Gradually, however, the evidence for how valid it actually was became overwhelming. This is because its applications accounted for almost all the developments and discrepancies between classical theory and observed phenomena. Among these developments and applications is the photoelectric effect as explained by Albert Einstein.

The awards and honors that Planck has received include the 1927 Lorentz Medal, the 1915 Pour le Merite, the 1927 Franklin Medal, the 1929 Copley medal and honorary doctorates from the universities of Munich, Frankfurt, Berlin, Rostock, Athens, Graz, Cambridge, Glasgow and London. In 1938 the asteroid 1069 was named "Stella Planckia" by the Astronomical International Union.

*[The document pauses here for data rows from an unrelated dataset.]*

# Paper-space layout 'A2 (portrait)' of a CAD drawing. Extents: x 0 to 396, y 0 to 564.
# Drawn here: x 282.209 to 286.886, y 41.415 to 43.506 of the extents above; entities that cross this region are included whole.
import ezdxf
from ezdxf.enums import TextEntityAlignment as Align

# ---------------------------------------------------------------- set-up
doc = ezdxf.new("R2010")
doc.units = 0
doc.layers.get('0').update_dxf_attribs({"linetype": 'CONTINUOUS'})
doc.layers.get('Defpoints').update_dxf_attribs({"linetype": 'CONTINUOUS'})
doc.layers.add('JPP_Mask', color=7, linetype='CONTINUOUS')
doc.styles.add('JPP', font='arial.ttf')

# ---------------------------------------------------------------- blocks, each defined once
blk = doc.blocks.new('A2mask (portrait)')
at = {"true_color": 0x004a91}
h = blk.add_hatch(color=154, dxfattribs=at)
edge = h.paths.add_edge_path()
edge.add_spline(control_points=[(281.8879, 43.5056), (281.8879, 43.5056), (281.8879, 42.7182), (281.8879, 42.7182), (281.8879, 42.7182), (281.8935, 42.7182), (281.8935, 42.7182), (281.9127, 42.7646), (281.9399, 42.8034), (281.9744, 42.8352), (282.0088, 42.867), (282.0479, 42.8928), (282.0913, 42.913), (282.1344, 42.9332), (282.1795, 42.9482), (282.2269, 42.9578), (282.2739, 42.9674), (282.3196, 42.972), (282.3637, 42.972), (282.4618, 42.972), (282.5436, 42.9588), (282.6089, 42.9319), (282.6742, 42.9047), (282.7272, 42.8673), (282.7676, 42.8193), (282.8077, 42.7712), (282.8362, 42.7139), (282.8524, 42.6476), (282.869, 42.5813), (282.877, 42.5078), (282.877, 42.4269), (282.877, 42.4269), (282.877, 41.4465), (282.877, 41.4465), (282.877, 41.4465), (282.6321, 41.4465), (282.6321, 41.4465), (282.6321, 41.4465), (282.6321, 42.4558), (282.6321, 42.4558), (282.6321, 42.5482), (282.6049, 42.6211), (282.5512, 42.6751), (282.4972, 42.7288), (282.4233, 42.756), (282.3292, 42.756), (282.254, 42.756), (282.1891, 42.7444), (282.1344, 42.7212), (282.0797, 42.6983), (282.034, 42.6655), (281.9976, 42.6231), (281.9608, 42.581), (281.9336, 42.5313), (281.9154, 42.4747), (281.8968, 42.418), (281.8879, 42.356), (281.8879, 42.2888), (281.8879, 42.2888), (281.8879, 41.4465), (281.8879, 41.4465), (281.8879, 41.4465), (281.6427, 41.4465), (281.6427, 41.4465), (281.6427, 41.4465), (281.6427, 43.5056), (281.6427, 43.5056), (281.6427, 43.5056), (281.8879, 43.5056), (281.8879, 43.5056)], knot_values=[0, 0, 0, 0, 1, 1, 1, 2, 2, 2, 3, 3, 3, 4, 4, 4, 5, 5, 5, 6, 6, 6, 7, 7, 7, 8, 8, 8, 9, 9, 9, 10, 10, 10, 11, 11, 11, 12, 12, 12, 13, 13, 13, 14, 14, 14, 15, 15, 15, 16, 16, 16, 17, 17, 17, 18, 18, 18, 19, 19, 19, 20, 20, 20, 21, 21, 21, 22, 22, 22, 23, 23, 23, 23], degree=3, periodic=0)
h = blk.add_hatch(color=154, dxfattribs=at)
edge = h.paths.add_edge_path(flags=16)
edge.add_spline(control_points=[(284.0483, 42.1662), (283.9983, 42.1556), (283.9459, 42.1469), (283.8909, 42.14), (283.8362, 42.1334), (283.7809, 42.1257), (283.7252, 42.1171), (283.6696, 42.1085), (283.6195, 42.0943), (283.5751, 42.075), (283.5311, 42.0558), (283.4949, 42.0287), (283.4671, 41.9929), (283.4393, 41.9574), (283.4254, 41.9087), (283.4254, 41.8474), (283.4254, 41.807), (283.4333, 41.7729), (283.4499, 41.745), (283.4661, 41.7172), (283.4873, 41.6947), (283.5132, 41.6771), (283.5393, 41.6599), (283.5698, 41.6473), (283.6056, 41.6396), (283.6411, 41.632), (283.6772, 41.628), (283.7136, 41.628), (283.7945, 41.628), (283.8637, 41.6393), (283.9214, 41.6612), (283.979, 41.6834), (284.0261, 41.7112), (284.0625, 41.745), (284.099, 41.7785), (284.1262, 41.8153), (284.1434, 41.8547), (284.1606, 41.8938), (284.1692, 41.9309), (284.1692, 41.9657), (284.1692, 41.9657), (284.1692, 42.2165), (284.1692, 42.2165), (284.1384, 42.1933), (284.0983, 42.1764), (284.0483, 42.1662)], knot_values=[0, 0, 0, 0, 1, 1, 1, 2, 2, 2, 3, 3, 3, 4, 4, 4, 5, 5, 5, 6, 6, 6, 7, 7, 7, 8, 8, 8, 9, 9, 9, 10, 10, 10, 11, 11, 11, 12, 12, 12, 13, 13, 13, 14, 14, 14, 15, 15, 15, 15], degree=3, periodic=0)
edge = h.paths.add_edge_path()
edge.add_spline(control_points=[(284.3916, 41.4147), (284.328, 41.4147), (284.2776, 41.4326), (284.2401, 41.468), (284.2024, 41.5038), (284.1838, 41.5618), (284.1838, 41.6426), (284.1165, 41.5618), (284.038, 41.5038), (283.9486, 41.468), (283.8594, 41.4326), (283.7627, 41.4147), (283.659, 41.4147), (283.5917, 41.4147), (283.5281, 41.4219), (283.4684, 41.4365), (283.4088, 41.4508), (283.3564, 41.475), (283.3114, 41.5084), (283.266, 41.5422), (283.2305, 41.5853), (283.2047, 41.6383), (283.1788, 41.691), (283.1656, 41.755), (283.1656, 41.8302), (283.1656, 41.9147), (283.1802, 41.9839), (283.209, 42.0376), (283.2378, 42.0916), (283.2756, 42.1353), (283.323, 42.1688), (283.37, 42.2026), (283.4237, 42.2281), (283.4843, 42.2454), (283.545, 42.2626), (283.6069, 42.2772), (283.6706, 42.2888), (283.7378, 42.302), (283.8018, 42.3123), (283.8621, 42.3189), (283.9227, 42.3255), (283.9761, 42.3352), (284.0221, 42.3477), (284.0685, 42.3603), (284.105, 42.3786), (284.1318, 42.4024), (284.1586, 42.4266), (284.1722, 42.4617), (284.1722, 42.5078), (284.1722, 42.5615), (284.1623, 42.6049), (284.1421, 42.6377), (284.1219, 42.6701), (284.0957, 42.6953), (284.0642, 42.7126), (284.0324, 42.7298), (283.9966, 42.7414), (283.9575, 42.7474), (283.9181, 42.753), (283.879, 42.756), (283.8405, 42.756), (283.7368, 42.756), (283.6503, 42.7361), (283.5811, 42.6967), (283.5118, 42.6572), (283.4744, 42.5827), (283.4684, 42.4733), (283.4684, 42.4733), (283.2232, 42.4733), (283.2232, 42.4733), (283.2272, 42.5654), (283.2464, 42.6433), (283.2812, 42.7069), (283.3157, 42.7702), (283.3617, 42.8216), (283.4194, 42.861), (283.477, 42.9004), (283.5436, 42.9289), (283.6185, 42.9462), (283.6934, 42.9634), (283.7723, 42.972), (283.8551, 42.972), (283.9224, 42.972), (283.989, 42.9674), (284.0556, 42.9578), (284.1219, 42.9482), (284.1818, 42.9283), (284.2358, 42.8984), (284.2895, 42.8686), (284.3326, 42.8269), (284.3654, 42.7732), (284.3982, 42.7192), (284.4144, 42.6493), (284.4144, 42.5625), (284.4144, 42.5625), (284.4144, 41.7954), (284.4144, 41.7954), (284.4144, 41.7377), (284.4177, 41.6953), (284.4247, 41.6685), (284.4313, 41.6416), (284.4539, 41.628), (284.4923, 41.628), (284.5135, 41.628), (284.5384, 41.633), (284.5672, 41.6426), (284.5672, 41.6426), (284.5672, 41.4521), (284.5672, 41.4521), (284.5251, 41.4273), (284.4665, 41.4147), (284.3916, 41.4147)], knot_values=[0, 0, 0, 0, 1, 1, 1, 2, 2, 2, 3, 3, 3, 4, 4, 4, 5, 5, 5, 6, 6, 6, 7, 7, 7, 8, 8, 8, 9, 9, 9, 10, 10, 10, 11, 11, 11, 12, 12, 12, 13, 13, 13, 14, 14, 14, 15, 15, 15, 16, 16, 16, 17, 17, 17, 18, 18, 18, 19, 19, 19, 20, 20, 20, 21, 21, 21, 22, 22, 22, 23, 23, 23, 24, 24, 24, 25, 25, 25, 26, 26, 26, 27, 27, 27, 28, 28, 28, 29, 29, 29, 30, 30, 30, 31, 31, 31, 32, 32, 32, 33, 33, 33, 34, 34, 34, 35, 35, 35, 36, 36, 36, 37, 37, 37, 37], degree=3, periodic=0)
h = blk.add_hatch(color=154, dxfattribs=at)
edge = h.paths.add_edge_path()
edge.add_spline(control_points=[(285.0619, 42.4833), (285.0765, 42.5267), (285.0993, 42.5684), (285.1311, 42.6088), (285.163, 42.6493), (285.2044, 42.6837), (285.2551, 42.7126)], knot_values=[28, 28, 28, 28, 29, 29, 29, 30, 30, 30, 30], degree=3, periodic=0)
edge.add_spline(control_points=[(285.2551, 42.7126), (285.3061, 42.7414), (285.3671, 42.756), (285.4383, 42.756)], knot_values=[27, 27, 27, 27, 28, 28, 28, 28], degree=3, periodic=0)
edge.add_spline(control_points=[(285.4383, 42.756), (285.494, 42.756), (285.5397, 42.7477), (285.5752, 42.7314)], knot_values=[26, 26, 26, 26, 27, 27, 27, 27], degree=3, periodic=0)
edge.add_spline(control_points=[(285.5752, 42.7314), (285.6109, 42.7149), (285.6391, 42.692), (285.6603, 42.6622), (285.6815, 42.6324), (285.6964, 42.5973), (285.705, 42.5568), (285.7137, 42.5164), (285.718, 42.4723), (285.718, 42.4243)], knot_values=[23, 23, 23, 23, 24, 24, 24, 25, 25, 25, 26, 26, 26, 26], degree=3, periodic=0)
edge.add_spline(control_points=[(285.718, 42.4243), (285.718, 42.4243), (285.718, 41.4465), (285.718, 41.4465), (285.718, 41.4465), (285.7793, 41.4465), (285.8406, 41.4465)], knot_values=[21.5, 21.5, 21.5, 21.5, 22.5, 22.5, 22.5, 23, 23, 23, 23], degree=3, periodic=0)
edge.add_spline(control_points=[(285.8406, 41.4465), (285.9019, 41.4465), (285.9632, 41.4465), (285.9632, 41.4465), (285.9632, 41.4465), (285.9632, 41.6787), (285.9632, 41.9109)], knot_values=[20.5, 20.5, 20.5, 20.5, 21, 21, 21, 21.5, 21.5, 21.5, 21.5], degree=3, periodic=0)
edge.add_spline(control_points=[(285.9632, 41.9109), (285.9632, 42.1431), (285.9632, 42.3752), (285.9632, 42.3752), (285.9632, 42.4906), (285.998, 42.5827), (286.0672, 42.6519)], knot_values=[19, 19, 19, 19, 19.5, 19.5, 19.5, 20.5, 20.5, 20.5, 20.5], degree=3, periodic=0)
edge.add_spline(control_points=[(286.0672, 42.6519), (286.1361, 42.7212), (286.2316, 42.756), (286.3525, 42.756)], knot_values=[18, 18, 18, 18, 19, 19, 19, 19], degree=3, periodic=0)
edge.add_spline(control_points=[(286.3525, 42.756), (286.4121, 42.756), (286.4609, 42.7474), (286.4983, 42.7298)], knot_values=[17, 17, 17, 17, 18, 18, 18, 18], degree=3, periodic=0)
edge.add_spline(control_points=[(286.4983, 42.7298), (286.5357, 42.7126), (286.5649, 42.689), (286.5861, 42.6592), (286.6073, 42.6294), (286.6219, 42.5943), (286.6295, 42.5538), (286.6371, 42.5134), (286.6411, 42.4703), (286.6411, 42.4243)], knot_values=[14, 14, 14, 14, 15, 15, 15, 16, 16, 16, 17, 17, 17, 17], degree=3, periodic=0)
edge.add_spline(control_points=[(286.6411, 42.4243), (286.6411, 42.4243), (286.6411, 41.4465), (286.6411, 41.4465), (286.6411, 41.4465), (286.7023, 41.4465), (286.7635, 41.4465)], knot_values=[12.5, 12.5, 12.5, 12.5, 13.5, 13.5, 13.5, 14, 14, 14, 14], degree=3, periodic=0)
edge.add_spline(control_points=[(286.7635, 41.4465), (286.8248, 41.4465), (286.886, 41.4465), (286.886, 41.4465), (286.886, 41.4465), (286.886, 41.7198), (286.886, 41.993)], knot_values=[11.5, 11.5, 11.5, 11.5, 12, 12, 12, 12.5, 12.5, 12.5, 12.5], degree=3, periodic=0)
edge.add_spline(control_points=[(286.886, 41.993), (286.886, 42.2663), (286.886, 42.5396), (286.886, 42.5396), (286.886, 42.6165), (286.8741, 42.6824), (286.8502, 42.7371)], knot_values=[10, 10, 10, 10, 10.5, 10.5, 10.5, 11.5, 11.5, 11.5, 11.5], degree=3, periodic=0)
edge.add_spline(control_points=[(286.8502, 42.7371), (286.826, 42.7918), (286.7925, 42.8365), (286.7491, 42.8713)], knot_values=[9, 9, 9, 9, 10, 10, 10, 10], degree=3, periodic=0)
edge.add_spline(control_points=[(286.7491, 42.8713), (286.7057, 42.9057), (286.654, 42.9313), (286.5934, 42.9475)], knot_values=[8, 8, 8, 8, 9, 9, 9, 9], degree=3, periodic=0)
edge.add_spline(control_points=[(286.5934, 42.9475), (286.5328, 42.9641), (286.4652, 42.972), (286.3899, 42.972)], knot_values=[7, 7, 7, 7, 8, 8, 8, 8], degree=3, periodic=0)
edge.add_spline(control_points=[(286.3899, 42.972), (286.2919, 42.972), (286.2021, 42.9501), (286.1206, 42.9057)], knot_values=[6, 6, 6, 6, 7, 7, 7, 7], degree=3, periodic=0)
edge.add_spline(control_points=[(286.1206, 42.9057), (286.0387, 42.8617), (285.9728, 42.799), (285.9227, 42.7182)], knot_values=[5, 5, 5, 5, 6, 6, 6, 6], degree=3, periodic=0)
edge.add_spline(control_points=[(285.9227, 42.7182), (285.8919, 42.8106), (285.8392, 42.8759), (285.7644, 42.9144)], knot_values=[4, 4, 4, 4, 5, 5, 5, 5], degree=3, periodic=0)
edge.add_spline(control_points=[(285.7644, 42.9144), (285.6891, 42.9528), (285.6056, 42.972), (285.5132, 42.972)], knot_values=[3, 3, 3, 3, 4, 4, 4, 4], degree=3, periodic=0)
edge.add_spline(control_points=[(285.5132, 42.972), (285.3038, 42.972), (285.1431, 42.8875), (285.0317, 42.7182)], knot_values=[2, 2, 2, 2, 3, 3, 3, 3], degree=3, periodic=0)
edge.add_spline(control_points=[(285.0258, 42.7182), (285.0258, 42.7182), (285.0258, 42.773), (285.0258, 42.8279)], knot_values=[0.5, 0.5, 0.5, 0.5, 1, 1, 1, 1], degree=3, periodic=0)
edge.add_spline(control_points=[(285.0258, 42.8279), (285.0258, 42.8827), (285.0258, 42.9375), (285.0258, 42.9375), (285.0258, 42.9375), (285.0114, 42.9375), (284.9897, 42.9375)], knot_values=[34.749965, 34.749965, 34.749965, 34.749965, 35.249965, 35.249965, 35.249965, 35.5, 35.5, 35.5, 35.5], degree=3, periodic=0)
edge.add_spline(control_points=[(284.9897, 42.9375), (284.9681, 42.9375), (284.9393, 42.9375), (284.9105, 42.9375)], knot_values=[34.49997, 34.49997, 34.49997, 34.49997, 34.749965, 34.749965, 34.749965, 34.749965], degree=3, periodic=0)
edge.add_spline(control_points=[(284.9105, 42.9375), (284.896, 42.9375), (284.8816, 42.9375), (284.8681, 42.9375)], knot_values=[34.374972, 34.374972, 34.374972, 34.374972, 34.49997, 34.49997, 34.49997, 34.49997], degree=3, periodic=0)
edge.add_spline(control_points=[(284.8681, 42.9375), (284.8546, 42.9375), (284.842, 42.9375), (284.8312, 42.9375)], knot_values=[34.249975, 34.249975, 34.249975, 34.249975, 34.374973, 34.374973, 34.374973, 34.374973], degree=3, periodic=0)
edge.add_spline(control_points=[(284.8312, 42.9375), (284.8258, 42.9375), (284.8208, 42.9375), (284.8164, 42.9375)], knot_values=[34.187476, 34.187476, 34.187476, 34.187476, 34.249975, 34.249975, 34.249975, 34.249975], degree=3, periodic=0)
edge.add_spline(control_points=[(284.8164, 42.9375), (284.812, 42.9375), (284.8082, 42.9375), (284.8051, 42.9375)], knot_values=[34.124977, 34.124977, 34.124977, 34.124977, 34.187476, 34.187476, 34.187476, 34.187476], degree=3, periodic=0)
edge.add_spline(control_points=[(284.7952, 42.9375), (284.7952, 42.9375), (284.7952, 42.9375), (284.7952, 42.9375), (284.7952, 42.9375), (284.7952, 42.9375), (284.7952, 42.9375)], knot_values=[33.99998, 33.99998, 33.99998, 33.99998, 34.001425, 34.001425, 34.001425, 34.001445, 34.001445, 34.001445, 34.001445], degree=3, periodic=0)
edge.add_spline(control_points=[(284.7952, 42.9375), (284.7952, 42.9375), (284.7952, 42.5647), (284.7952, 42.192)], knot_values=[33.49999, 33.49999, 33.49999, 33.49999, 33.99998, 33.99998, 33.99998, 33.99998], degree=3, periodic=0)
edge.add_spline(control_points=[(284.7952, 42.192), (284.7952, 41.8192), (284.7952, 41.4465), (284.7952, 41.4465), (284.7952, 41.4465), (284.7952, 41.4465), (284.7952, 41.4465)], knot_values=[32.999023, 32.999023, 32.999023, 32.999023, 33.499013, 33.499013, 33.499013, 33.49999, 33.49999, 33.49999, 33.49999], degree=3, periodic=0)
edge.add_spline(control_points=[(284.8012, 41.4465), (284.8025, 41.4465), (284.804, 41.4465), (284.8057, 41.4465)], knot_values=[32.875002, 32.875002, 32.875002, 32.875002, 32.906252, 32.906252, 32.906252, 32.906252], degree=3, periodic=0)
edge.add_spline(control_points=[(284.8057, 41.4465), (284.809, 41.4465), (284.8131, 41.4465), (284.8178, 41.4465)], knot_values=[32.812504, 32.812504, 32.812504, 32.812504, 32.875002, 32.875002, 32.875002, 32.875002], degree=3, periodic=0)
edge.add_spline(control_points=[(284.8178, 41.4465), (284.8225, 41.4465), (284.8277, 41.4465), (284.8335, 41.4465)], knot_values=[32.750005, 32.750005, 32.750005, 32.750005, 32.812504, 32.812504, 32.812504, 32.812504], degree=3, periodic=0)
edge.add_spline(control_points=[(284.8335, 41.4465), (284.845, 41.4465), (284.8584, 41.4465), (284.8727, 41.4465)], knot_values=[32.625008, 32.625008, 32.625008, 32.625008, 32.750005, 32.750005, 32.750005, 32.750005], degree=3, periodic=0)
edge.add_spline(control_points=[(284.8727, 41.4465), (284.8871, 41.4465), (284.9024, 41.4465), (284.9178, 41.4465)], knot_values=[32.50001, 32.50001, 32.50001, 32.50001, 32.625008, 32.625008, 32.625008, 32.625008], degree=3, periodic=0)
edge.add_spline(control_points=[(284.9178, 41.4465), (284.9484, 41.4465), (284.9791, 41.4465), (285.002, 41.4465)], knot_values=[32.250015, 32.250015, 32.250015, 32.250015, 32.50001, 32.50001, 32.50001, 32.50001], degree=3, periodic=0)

In the year 1905, three epochal Albert Einstein papers were published in Annalen der Physik. Max Planck had recognized immediately that Einstein's theory of relativity was significant. Because of his influence, the theory thus became quite accepted in Germany.

Rumor has it

Max Planck was also known for electrifying his underwear and hopping like a bunny when he was nervous. He was also once heard muttering "What's Updoc" from his personal laboratory while watching wacky cartoons on the 1800's channel.